Assignment —
Here are some records; quote them exactly, leaving out the pictures.

Record excerpts —

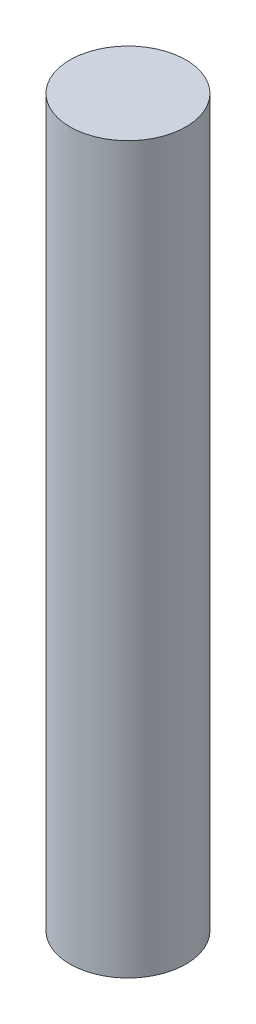
SolidWorks part; units mm, degrees
ref_plane "Alzado" through (0, 0, 0) normal (0, 0, 1) x (1, 0, 0)
ref_plane "Planta" through (0, 0, 0) normal (0, 1, 0) x (1, 0, 0)
ref_plane "Vista lateral" through (0, 0, 0) normal (1, 0, 0) x (0, 0, -1)
sketch "Croquis1" plane through (0, 0, 0) normal (0, 1, 0) x (1, 0, 0)
  circle A0 centre (0, 0) radius 4
  dimension "D1" = 8
extrude "Saliente-Extruir1" add sketch "Croquis1" along normal blind 50

Expected answer —
SolidWorks part; units mm, degrees
ref_plane "Alzado" through (0, 0, 0) normal (0, 0, 1) x (1, 0, 0)
ref_plane "Planta" through (0, 0, 0) normal (0, 1, 0) x (1, 0, 0)
ref_plane "Vista lateral" through (0, 0, 0) normal (1, 0, 0) x (0, 0, -1)
sketch "Croquis1" plane through (0, 0, 0) normal (0, 1, 0) x (1, 0, 0)
  circle A0 centre (0, 0) radius 4
  dimension "D1" = 8
extrude "Saliente-Extruir1" add sketch "Croquis1" along normal blind 50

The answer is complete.